Warning: This repository is still in active development, results are not yet up to the rigl paper spec. Coming soon!

An open source implementation of Google Research's paper (Authored by Utku Evci, an AI Resident @ Google Brain): Rigging the Lottery: Making All Tickets Winners (RigL) in PyTorch as versatile, simple, and fast as possible.

You only need to add 2 lines of code to your PyTorch project to use RigL to train your model with sparsity!

ImageNet Results

Results aren't quite as complete as the original paper, however this implementation outperforms the original by 1%!

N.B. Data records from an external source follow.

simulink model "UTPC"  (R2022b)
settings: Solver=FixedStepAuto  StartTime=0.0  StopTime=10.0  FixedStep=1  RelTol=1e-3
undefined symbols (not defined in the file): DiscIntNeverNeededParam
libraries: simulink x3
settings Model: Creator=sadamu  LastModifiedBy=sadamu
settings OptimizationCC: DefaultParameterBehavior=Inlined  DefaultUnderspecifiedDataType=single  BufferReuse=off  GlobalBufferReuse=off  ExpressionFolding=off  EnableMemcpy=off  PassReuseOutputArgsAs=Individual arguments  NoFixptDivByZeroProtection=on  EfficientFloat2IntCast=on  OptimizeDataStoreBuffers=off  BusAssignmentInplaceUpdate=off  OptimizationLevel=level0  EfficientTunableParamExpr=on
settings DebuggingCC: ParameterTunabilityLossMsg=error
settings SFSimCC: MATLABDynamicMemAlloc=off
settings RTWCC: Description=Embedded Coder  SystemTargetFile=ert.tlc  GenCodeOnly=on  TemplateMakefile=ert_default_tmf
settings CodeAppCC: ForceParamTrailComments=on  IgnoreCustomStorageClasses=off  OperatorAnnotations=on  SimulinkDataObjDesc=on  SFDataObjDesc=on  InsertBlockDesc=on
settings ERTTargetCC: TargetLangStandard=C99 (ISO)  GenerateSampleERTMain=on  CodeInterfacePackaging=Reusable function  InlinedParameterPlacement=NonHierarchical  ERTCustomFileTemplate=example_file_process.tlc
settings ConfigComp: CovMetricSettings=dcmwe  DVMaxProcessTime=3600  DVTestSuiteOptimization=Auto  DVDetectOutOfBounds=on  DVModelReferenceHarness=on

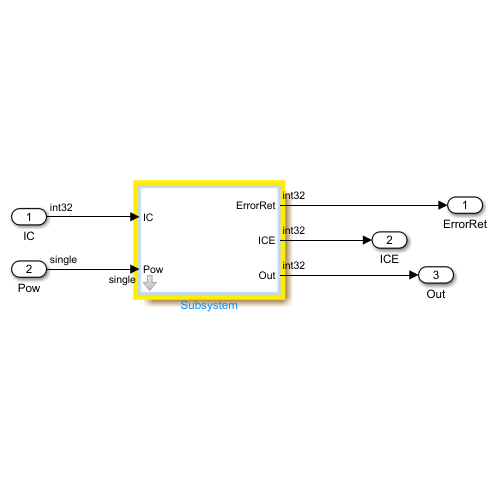
[thumbnail: Simulink's stored preview of the top-level diagram]
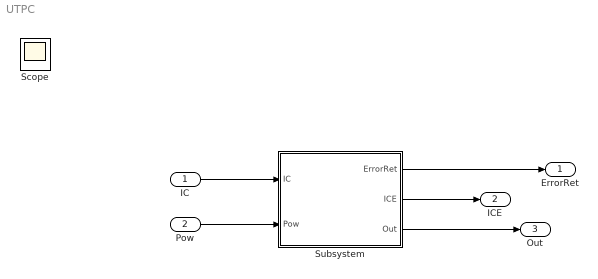
== system UTPC ==
  IC : Inport  OutDataTypeStr=int32
  Pow : Inport  Port=2  OutDataTypeStr=single
  Subsystem : Subsystem  mask{Len=40}
      mask DialogControl ParameterGroupVar Prompt: 参数
  ErrorRet : Outport
  ICE : Outport  Port=2
  Out : Outport  Port=3
  Scope : Scope
  wires:
  IC/1 -> Subsystem/1(IC)
  Pow/1 -> Subsystem/2(Pow)
  Subsystem/1(ErrorRet) -> ErrorRet/1
  Subsystem/2(ICE) -> ICE/1
  Subsystem/3(Out) -> Out/1

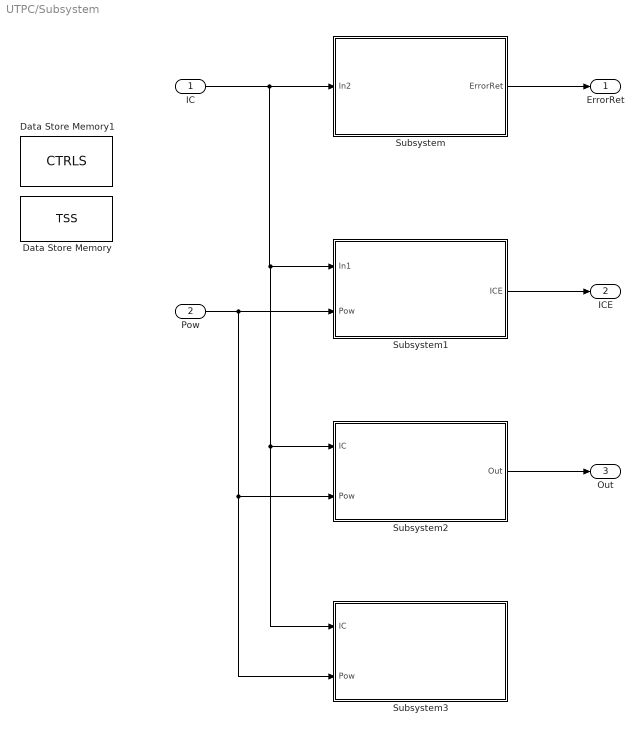
== system UTPC/Subsystem ==
  IC : Inport
  Pow : Inport  Port=2  OutDataTypeStr=single
  Data Store Memory : DataStoreMemory  DataStoreName=TSS  WriteAfterWriteMsg=warning  ShowAdditionalParam=off  OutDataTypeStr=single  Dimensions=Len
  Data Store Memory1 : DataStoreMemory  DataStoreName=CTRLS  WriteAfterWriteMsg=warning  ShowAdditionalParam=off  OutDataTypeStr=int32
  Subsystem : Subsystem
  Subsystem1 : Subsystem
  Subsystem2 : Subsystem
  Subsystem3 : Subsystem
  ErrorRet : Outport
  ICE : Outport  Port=2
  Out : Outport  Port=3
  wires:
  IC/1 -> Subsystem3/1(IC), Subsystem2/1(IC), Subsystem1/1(In1), Subsystem/1(In2)
  Subsystem/1(ErrorRet) -> ErrorRet/1
  Pow/1 -> Subsystem1/2(Pow), Subsystem3/2(Pow), Subsystem2/2(Pow)
  Subsystem1/1(ICE) -> ICE/1
  Subsystem2/1(Out) -> Out/1

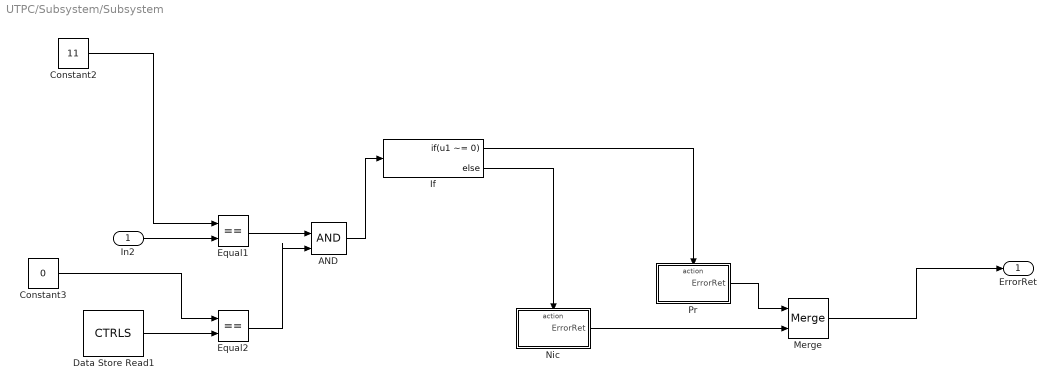
== system UTPC/Subsystem/Subsystem ==
  In2 : Inport
  AND : Logic  IconShape=distinctive  AllPortsSameDT=off  OutDataTypeStr=boolean
  Constant2 : Constant  Value=11  OutDataTypeStr=int32
  Constant3 : Constant  Value=0  OutDataTypeStr=int32
  Data Store Read1 : DataStoreRead  DataStoreName=CTRLS  IndexOptions=Index vector (dialog)  Indices=1  OutputSizes=1
  Equal1 : RelationalOperator  Operator===  OutDataTypeStr=boolean  RndMeth=Simplest  InputSameDT=off
  Equal2 : RelationalOperator  Operator===  OutDataTypeStr=boolean  RndMeth=Simplest  InputSameDT=off
  If : If  IfExpression=u1 ~= 0
  Merge : Merge
  Nic : Subsystem  TreatAsAtomicUnit=on
  Pr : Subsystem  TreatAsAtomicUnit=on
  ErrorRet : Outport
  wires:
  Data Store Read1/1 -> Equal2/2
  Constant2/1 -> Equal1/1
  Pr/1(ErrorRet) -> Merge/1
  Equal1/1 -> AND/1
  Equal2/1 -> AND/2
  If/1 -> Pr/Action
  AND/1 -> If/1
  If/2 -> Nic/Action
  Constant3/1 -> Equal2/1
  Nic/1(ErrorRet) -> Merge/2
  In2/1 -> Equal1/2
  Merge/1 -> ErrorRet/1

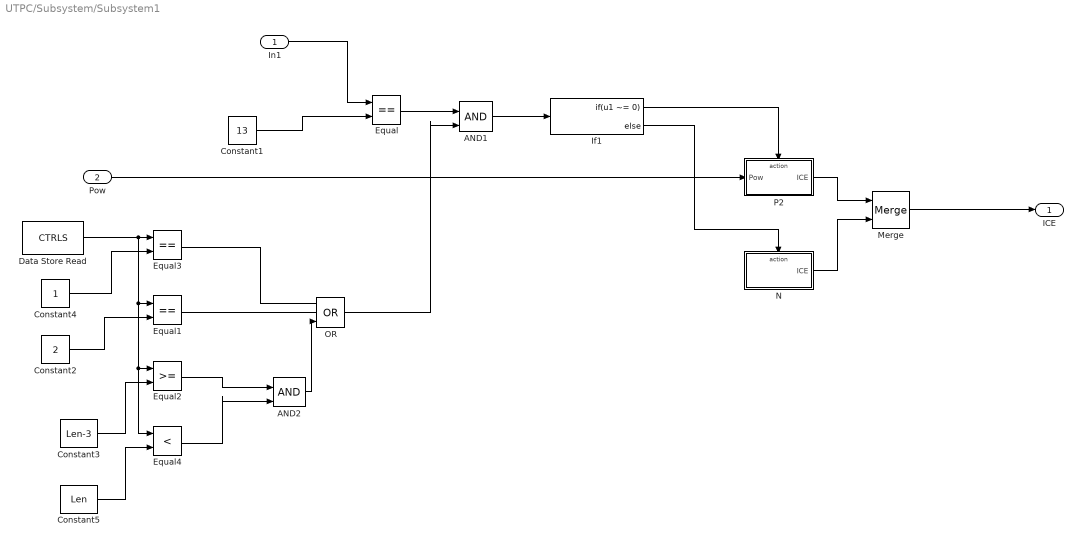
== system UTPC/Subsystem/Subsystem1 ==
  In1 : Inport
  Pow : Inport  Port=2
  AND1 : Logic  IconShape=distinctive  AllPortsSameDT=off  OutDataTypeStr=boolean
  AND2 : Logic  IconShape=distinctive  AllPortsSameDT=off  OutDataTypeStr=boolean
  Constant1 : Constant  Value=13  OutDataTypeStr=int32
  Constant2 : Constant  Value=2  OutDataTypeStr=int32
  Constant3 : Constant  Value=Len-3  OutDataTypeStr=int32
  Constant4 : Constant  OutDataTypeStr=int32
  Constant5 : Constant  Value=Len  OutDataTypeStr=int32
  Data Store Read : DataStoreRead  DataStoreName=CTRLS  IndexOptions=Index vector (dialog)  Indices=1  OutputSizes=1
  Equal : RelationalOperator  Operator===  OutDataTypeStr=boolean  RndMeth=Simplest  InputSameDT=off
  Equal1 : RelationalOperator  Operator===  OutDataTypeStr=boolean  RndMeth=Simplest  InputSameDT=off
  Equal2 : RelationalOperator  OutDataTypeStr=boolean  RndMeth=Simplest  InputSameDT=off
  Equal3 : RelationalOperator  Operator===  OutDataTypeStr=boolean  RndMeth=Simplest  InputSameDT=off
  Equal4 : RelationalOperator  Operator=<  OutDataTypeStr=boolean  RndMeth=Simplest  InputSameDT=off
  If1 : If  IfExpression=u1 ~= 0
  Merge : Merge
  N : Subsystem  TreatAsAtomicUnit=on
  OR : Logic  Operator=OR  Inputs=3  IconShape=distinctive  AllPortsSameDT=off  OutDataTypeStr=boolean
  P2 : Subsystem  TreatAsAtomicUnit=on
  ICE : Outport
  wires:
  Data Store Read/1 -> Equal1/1, Equal4/1, Equal2/1, Equal3/1
  AND1/1 -> If1/1
  N/1(ICE) -> Merge/2
  Equal3/1 -> OR/1
  Constant1/1 -> Equal/2
  Equal/1 -> AND1/1
  If1/1 -> P2/Action
  If1/2 -> N/Action
  P2/1(ICE) -> Merge/1
  Constant4/1 -> Equal3/2
  Pow/1 -> P2/1(Pow)
  In1/1 -> Equal/1
  Merge/1 -> ICE/1
  Constant2/1 -> Equal1/2
  Constant3/1 -> Equal2/2
  Constant5/1 -> Equal4/2
  Equal4/1 -> AND2/2
  Equal2/1 -> AND2/1
  AND2/1 -> OR/3
  Equal1/1 -> OR/2
  OR/1 -> AND1/2

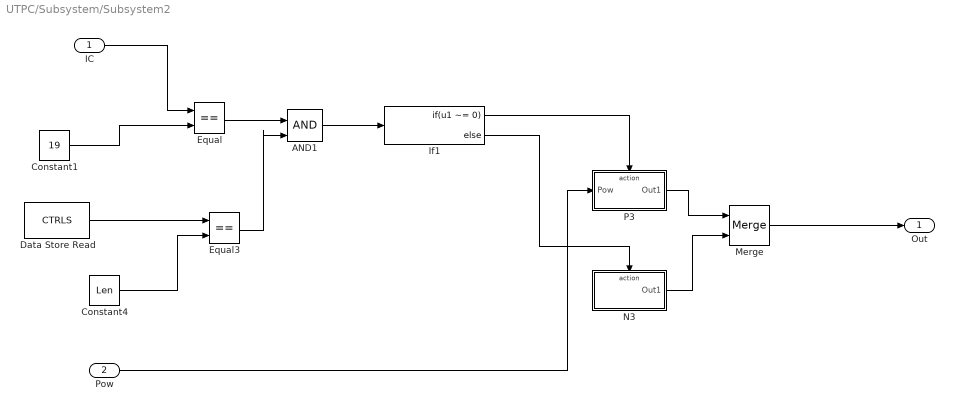
== system UTPC/Subsystem/Subsystem2 ==
  IC : Inport
  Pow : Inport  Port=2
  AND1 : Logic  IconShape=distinctive  AllPortsSameDT=off  OutDataTypeStr=boolean
  Constant1 : Constant  Value=19  OutDataTypeStr=int32
  Constant4 : Constant  Value=Len  OutDataTypeStr=int32
  Data Store Read : DataStoreRead  DataStoreName=CTRLS  IndexOptions=Index vector (dialog)  Indices=1  OutputSizes=1
  Equal : RelationalOperator  Operator===  OutDataTypeStr=boolean  RndMeth=Simplest  InputSameDT=off
  Equal3 : RelationalOperator  Operator===  OutDataTypeStr=boolean  RndMeth=Simplest  InputSameDT=off
  If1 : If  IfExpression=u1 ~= 0
  Merge : Merge
  N3 : Subsystem  TreatAsAtomicUnit=on
  P3 : Subsystem  TreatAsAtomicUnit=on
  Out : Outport
  wires:
  Data Store Read/1 -> Equal3/1
  AND1/1 -> If1/1
  N3/1(Out1) -> Merge/2
  Equal3/1 -> AND1/2
  Constant1/1 -> Equal/2
  Equal/1 -> AND1/1
  If1/1 -> P3/Action
  If1/2 -> N3/Action
  P3/1(Out1) -> Merge/1
  Constant4/1 -> Equal3/2
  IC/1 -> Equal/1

Architecture Sparsity % S. Distribution Top-1 Original Top-1
ResNet50 90% Uniform 73% 72%

Other Implementations:

Contributions Beyond the Paper:

Gradient Accumulation:

Motivation:

  • The paper cites their experiments for ImageNet being done using a batch size of 4096, which isn't practical for everyone since to do so you need 32 Tesla V100s to store that many 224x224x3 images in VRAM.
  • Following this, if you are using a significantly small batch size for training (ie. bs=1024 for ImageNet), RigL may perform suboptimally due to instantaneous gradient information being quite noisy. To remedy this, I have introduced a solution for "emulating" larger batch sizes for topology modifications.

Method:

  • In regular dense training gradients are calculated per batch essentially averaging the loss of each sample and taking the derivative w.r.t the parameters. This means that if your batch size is 1024, the gradients are the accumulated average over 1024 data samples.
  • In normal RigL the grow/drop perturbations scoring is being done on 1 batch (every delta batches, typically delta=100) and replaces the backpropagation step for that iteration. So you can see that if the batch size is significantly small, the topology modifications are being done on a very small amount of data, thus missing some potential signal from the dataset. In dense training, this is a balancing act (too large batch sizes have diminishing returns and can harm exploration, making it more likely to fall in a local minimum).
  • If gradient_accumulation_n is > 1, then when RigL wants to make a topology modification it essentially takes not only the current batch's gradients, but also the previous gradient_accumulation_n - 1 batch's gradients. It then averages them element-wise, and uses this new matrix to score the grow/drop perturbations.
  • Note: gradient_accumulation_n has to be within the interval [1, delta). If gradient_accumulation_n == 1, then nothing has changed from the paper's spec. If gradient_accumulation_n == (delta - 1), RigL will score based on every single batch from the previous RigL step to the current one.

Results:

  • Setting the gradient_accumulation_n to a value > 1 increases performance on ImageNet by about 0.3-1% when using a batch size of 1024. In order to get the best results from batch size 1024 (for ImageNet), you should also multiply the delta value by 4. This is because with a batch size of 4096, you are doing 4x less RigL steps (4096/1024 = 4) than if you used a batch size of 1024.

User Setup:

  • pip install rigl-torch

Contributor Setup:

  • Clone this repository: git clone https://github.com/McCrearyD/rigl-torch
  • Cd into repo: cd rigl-torch
  • Install dependencies: pip install -r requirements.txt
  • Install package (-e allows for modifications): pip install -e .

Usage:

  • Run the tests by doing cd rigl-torch, then pytest.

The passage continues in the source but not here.